OpenAI's o1 demonstrated that spending more compute at inference time :: generating longer chains of thought :: could unlock qualitative capability jumps on tasks that stumped previous models: graduate-level math, competitive coding, and scientific reasoning.

o1 scored in the 89th percentile on competitive programming problems. Its predecessor GPT-4 scored in the 11th percentile :: an 8× relative improvement through reasoning alone, not additional pretraining.

DeepSeek-R1 showed that reinforcement learning with verifiable rewards (RLVR) :: training on problems with objectively correct answers :: can instill sophisticated reasoning without expensive human preference data. Its 7B distilled variant outperforms GPT-4 on math benchmarks.

Architecture

Why Mixture
of Experts

Dense transformers scale parameter count linearly with compute cost. Mixture-of-Experts decouples the two: a routing layer selects 2–8 specialist sub-networks per token, leaving the rest dormant. GPT-4 is widely reported to use MoE with ~8 experts, activating ~2 per token.

With MoE, a model can have 1 trillion total parameters but activate only ~100B per forward pass :: matching the inference cost of a much smaller dense model while retaining the capacity of a much larger one.

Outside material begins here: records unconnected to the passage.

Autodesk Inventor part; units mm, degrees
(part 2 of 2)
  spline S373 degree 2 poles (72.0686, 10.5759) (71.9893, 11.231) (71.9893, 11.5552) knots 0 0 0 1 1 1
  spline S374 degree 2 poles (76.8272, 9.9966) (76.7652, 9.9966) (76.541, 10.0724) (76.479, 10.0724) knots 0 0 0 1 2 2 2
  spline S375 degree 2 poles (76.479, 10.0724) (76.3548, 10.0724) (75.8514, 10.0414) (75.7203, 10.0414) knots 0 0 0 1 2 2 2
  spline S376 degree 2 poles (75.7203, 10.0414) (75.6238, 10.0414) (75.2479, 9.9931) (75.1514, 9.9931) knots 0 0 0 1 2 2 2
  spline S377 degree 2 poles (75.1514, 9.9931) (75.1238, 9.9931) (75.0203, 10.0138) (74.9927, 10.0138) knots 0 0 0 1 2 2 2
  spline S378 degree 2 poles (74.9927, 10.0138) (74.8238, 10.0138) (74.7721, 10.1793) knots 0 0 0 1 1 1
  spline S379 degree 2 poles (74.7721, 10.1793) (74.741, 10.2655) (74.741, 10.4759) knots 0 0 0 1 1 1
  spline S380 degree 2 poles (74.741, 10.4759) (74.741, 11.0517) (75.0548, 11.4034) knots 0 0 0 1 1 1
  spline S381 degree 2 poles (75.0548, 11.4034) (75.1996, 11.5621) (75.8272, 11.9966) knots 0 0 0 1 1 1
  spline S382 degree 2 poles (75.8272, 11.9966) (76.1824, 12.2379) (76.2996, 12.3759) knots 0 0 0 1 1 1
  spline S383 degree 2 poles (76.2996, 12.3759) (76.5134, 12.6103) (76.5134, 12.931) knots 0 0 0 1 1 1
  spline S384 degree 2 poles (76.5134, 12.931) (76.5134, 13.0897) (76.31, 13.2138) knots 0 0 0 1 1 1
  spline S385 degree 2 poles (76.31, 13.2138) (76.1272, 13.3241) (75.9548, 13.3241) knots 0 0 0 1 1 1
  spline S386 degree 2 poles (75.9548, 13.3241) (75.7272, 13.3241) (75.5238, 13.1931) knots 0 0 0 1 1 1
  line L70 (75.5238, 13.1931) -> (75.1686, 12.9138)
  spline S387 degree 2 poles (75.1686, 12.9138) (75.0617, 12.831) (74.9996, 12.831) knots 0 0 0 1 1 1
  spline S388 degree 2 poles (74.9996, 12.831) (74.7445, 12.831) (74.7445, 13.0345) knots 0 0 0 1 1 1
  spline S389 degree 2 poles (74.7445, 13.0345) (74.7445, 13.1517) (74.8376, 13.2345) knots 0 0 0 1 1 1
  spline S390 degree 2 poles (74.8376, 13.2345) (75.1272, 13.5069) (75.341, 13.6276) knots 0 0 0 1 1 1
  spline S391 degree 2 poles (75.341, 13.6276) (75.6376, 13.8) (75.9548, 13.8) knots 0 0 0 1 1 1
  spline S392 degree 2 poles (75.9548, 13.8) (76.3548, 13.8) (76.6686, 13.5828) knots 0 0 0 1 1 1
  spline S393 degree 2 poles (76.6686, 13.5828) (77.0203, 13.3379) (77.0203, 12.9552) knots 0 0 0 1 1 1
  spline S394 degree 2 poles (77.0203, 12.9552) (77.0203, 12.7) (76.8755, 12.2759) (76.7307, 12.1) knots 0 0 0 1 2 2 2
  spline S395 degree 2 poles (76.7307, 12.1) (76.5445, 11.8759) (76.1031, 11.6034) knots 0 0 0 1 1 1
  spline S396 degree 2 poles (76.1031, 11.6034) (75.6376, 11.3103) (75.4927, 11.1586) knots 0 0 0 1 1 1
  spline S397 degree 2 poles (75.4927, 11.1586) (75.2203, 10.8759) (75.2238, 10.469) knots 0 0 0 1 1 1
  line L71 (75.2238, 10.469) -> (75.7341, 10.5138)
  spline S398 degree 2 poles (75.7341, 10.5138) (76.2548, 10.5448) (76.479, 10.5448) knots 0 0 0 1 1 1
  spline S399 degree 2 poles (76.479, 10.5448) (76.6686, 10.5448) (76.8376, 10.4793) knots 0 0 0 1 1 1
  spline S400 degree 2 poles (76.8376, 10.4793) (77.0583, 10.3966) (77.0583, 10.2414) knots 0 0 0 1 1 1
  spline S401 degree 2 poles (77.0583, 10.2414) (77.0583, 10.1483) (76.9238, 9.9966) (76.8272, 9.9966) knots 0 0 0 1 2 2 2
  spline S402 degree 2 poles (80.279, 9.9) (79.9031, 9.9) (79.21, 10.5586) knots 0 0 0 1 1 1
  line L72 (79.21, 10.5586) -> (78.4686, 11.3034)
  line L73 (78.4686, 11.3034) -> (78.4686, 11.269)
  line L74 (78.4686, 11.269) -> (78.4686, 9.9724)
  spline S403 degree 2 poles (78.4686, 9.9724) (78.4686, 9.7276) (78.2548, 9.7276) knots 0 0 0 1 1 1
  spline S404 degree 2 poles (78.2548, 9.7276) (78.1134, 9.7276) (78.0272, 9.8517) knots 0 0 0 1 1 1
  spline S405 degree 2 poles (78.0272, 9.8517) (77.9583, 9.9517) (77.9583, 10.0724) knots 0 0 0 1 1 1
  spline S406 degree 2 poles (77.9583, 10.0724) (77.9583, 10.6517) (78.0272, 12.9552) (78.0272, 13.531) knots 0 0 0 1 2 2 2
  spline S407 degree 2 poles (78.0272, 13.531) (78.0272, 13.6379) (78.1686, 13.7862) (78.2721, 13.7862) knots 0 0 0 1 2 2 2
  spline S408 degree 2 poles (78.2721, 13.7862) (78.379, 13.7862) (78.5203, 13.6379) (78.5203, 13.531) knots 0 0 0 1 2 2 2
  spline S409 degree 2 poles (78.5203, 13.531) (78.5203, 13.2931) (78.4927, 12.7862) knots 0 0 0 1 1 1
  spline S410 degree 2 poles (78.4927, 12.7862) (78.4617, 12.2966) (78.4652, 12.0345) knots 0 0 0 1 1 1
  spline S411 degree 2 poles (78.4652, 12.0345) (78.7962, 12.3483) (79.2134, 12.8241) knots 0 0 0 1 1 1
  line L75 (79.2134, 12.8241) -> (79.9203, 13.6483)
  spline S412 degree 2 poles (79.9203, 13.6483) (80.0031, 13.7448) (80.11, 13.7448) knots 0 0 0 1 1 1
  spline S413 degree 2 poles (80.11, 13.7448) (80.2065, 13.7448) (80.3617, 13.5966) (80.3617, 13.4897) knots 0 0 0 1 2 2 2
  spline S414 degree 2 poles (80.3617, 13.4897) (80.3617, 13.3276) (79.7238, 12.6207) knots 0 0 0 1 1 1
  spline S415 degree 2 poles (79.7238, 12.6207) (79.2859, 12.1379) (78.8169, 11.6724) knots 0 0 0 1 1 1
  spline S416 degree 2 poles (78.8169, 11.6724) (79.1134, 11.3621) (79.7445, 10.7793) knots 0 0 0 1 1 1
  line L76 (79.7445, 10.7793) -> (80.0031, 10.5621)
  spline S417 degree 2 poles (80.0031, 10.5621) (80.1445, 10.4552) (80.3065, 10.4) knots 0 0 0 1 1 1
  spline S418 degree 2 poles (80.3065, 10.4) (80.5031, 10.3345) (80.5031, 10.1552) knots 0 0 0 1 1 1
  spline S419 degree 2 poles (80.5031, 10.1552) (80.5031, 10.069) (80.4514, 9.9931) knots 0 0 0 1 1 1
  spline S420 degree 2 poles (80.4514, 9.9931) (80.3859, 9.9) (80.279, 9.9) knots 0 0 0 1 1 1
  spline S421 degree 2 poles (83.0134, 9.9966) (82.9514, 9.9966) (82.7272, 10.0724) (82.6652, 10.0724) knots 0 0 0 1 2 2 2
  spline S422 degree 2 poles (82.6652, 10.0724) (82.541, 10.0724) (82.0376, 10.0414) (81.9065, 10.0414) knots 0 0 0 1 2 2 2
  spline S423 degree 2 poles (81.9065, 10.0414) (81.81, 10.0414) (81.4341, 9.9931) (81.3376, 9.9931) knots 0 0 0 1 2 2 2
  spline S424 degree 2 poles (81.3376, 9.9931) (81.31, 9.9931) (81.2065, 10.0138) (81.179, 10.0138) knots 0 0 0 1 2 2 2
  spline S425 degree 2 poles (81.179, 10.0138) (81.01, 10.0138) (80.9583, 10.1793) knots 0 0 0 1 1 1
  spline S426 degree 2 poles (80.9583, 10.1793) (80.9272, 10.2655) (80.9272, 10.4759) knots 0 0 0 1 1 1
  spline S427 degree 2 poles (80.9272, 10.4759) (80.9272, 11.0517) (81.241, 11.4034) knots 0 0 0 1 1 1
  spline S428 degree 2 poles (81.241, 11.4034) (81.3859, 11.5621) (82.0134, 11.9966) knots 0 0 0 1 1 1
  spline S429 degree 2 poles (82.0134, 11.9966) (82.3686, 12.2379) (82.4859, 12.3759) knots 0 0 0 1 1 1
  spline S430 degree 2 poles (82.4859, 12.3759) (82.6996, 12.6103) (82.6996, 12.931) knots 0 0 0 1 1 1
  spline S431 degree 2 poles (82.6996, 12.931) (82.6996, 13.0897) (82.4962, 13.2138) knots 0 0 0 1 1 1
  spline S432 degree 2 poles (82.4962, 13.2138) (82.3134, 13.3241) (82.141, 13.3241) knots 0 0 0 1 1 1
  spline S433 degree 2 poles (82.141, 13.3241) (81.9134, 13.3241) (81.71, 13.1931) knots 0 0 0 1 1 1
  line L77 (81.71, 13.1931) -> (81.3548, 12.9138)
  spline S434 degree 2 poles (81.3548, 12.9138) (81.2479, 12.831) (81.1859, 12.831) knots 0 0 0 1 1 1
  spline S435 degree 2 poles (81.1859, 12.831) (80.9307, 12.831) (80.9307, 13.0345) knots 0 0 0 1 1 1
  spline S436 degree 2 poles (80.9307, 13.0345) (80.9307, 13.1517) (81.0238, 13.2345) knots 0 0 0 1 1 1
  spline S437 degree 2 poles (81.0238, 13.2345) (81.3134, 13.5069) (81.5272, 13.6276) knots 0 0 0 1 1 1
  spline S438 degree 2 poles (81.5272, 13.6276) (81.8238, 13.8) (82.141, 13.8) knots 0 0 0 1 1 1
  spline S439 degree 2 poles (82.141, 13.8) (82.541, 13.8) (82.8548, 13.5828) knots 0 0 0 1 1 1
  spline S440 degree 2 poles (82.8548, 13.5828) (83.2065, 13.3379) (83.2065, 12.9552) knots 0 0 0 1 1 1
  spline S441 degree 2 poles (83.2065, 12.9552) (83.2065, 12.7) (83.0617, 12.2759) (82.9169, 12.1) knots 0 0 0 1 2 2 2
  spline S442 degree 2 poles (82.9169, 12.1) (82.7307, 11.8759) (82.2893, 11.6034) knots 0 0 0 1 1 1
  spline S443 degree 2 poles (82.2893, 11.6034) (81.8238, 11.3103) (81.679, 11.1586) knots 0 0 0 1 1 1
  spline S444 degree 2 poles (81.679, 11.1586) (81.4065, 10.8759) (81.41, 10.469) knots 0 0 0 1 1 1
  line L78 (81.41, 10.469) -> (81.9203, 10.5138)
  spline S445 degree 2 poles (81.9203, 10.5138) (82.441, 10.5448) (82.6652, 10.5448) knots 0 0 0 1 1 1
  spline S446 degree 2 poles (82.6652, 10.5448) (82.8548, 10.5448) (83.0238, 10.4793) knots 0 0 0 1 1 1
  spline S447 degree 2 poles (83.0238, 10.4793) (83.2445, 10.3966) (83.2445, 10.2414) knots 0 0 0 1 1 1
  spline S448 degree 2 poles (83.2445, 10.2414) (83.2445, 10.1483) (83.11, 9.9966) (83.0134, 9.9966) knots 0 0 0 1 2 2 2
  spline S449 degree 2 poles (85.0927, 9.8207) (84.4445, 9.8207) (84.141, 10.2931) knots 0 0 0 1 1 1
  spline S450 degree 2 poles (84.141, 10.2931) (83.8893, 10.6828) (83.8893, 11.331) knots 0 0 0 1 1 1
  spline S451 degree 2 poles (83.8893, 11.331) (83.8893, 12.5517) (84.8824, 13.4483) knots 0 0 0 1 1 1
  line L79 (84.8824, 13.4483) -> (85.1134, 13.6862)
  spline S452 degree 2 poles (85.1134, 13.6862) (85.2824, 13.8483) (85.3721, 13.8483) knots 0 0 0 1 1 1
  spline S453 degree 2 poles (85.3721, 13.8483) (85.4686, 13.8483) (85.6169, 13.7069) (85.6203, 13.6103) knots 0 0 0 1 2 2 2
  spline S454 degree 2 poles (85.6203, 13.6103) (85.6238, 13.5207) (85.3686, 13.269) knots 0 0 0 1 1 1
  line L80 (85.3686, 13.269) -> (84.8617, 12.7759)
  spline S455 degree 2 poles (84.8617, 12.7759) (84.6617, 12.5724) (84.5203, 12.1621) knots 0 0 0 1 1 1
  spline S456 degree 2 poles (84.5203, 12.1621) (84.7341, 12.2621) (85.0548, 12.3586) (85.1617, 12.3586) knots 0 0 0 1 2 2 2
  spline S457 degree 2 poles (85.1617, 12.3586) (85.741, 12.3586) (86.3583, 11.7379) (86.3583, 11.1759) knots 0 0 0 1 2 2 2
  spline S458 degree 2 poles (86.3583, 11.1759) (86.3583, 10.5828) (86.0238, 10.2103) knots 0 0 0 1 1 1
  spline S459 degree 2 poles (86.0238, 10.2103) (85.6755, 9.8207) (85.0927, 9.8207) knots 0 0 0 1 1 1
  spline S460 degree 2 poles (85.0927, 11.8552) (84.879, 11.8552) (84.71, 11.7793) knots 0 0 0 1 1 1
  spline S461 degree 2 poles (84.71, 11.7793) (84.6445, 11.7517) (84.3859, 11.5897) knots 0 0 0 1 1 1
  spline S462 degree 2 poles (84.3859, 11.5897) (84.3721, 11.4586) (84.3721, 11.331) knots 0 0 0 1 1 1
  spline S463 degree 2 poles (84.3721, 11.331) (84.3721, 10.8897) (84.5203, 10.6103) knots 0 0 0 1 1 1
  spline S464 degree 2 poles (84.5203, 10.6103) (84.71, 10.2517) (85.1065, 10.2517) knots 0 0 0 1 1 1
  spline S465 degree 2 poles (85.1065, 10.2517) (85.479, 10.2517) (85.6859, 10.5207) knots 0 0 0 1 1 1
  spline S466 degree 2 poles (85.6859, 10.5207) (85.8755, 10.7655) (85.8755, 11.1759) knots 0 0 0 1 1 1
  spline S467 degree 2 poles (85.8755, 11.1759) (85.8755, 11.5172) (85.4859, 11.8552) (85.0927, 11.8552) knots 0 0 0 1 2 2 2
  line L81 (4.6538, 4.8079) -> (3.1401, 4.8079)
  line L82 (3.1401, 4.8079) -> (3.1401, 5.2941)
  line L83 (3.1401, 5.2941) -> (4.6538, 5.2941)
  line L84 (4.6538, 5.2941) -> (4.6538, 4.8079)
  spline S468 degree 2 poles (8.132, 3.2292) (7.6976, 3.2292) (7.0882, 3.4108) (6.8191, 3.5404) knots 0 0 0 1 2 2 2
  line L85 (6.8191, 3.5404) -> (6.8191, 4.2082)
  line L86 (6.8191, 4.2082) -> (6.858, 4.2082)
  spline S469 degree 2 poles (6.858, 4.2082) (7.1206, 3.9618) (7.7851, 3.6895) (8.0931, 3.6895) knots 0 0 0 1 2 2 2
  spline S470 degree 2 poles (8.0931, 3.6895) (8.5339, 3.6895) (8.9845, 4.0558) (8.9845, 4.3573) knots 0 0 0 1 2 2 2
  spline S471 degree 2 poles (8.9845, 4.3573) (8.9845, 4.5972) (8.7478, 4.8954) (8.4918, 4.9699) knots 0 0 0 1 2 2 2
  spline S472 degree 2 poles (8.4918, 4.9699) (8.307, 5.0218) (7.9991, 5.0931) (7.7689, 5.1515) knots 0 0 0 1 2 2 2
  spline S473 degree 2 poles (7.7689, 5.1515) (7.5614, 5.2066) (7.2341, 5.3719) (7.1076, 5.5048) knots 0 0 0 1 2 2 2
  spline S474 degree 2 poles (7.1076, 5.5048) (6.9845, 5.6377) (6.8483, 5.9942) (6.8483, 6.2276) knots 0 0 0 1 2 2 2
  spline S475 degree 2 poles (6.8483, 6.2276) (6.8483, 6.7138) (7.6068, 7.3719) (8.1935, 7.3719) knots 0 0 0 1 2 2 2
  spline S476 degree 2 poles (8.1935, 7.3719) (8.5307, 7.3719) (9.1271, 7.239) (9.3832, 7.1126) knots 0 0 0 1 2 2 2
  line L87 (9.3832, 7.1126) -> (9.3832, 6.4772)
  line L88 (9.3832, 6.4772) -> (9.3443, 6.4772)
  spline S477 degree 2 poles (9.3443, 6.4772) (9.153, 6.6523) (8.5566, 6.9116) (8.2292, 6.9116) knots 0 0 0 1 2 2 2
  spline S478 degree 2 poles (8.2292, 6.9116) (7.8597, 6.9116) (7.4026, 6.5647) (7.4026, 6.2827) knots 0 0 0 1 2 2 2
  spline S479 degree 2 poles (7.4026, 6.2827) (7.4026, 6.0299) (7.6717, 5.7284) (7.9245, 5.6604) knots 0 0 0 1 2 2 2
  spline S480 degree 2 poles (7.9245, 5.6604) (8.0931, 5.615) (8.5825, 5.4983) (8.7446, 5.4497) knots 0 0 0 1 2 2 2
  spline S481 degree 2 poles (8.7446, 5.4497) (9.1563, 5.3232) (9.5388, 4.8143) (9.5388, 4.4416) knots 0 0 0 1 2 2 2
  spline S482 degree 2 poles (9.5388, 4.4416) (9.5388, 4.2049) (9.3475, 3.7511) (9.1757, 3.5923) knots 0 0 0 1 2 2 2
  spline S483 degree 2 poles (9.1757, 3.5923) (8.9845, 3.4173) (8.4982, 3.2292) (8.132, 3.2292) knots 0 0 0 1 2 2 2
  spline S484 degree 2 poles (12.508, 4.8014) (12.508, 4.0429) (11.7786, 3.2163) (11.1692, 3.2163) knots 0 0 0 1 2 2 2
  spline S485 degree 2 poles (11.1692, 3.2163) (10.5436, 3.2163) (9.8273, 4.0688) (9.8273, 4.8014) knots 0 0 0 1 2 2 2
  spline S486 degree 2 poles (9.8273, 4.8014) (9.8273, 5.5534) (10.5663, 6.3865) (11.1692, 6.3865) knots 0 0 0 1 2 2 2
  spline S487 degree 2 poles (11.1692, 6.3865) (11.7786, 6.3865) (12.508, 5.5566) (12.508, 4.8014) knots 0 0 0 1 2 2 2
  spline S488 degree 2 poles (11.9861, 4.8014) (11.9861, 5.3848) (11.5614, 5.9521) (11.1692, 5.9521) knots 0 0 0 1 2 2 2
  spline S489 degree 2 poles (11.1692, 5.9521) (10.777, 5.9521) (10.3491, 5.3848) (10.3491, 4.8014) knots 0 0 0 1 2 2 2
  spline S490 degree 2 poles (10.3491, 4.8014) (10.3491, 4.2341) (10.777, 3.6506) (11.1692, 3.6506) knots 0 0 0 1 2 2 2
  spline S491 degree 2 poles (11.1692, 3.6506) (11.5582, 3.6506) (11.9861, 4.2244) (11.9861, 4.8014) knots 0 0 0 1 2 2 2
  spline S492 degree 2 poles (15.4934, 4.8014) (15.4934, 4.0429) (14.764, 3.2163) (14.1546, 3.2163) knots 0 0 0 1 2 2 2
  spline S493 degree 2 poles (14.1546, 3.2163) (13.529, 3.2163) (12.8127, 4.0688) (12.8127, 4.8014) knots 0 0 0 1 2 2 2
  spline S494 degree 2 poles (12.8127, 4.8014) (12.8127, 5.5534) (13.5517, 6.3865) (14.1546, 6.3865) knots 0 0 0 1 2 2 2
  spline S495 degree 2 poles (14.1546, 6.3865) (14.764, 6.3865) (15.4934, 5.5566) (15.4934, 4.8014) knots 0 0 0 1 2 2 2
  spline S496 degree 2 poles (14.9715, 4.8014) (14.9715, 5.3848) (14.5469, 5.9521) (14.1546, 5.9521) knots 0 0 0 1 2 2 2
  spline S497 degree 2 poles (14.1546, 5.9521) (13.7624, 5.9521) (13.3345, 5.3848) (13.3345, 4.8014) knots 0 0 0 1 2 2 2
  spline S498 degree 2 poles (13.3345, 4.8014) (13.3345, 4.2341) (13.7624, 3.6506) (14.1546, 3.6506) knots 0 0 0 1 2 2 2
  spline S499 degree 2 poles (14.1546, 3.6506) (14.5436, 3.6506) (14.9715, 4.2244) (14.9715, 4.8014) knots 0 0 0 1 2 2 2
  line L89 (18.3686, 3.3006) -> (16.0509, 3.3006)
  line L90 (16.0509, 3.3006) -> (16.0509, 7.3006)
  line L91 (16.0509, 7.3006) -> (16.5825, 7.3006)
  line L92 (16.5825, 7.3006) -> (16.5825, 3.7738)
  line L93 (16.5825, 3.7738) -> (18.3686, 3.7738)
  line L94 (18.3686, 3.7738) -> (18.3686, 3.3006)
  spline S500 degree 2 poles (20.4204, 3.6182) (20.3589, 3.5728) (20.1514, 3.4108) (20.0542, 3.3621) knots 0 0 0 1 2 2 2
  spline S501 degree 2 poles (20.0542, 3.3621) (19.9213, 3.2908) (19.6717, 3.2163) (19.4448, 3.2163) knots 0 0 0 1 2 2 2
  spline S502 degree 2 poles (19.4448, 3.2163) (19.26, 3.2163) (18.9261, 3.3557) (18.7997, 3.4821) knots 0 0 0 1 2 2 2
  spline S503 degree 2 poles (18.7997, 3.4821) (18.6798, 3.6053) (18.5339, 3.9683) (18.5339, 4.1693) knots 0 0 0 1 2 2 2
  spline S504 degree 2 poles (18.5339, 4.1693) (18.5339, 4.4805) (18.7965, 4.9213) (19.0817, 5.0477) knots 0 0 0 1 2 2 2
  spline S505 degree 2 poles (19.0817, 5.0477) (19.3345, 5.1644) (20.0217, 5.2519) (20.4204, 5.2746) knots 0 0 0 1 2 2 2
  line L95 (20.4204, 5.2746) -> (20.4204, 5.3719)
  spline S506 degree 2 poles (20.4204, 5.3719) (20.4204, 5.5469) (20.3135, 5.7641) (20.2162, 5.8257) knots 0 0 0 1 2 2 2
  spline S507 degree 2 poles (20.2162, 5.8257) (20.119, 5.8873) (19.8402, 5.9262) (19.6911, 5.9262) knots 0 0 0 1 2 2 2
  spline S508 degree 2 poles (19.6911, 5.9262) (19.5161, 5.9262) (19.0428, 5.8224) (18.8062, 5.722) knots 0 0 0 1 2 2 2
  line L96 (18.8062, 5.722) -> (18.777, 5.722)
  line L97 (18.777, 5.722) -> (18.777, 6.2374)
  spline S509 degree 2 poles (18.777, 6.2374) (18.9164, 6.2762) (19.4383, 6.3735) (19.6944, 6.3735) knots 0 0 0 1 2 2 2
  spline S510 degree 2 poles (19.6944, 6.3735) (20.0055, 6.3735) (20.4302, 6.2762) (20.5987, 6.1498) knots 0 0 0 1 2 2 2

The trade-offs: MoE models require more memory to store all expert weights, have higher communication overhead in distributed setups, and can suffer from load-imbalance where some experts are consistently over-selected. Auxiliary loss terms during training encourage balanced routing.

Key challenge: MoE models often perform worse than dense models in few-shot transfer settings, as experts specialize during pretraining and may not generalize as flexibly to new tasks.

Comparison

Reasoning Model Landscape

Model	Training Approach	Reasoning Method	Parameters	Strength
OpenAI o1 / o3	RLHF + process reward models	Internal chain-of-thought (hidden)	Undisclosed	Math & Science
DeepSeek-R1	RLVR on verifiable tasks	Explicit long CoT, visible to user	671B MoE (37B active)	Cost Efficiency
DeepSeek-R1 Distilled	Knowledge distillation from R1	CoT inherited from teacher	7B / 14B / 32B	Small-scale SOTA
QwQ-32B	RLVR + self-improvement	Extended reasoning traces	32B dense	Open weights
Claude (Extended Thinking)	Constitutional AI + RLHF	Visible scratchpad thinking	Undisclosed	Safety + Reasoning
Gemini Thinking	Multimodal RLHF	Internal multi-hypothesis reasoning	Undisclosed	Multimodal

The Reasoning
Milestones

From chain-of-thought prompting to test-time compute scaling :: the key moments that defined the reasoning revolution.

2022

Chain-of-Thought Prompting

Wei et al. showed that adding "let's think step by step" to prompts dramatically improved LLM performance on multi-step reasoning tasks :: no fine-tuning required.

2023

Process Reward Models

OpenAI trained reward models that score intermediate reasoning steps, not just final answers :: enabling reinforcement learning that improves each step of a solution chain.

2024 · Sept

OpenAI o1 Launch

o1 demonstrated that scaling inference compute (generating longer CoT) could match or exceed much larger dense models on math and coding :: the "inference scaling law" era begins.

2025 · Jan

DeepSeek-R1 & RLVR

Open-weight reasoning model trained with verifiable rewards :: no human preference data. Its 7B distilled variant beat GPT-4 on MATH benchmarks, democratizing frontier reasoning.

2025

Inference Scaling Laws

Research confirmed that more inference compute (best-of-N sampling, MCTS, self-refinement) trades off predictably against accuracy :: giving practitioners a new performance lever.

2025–2026

Reasoning as Default

Every frontier model :: GPT-5, Claude Opus 4.6, Gemini 3, Grok 4 :: now ships with reasoning/thinking modes. The debate shifts from "can LLMs reason?" to "how to route efficiently."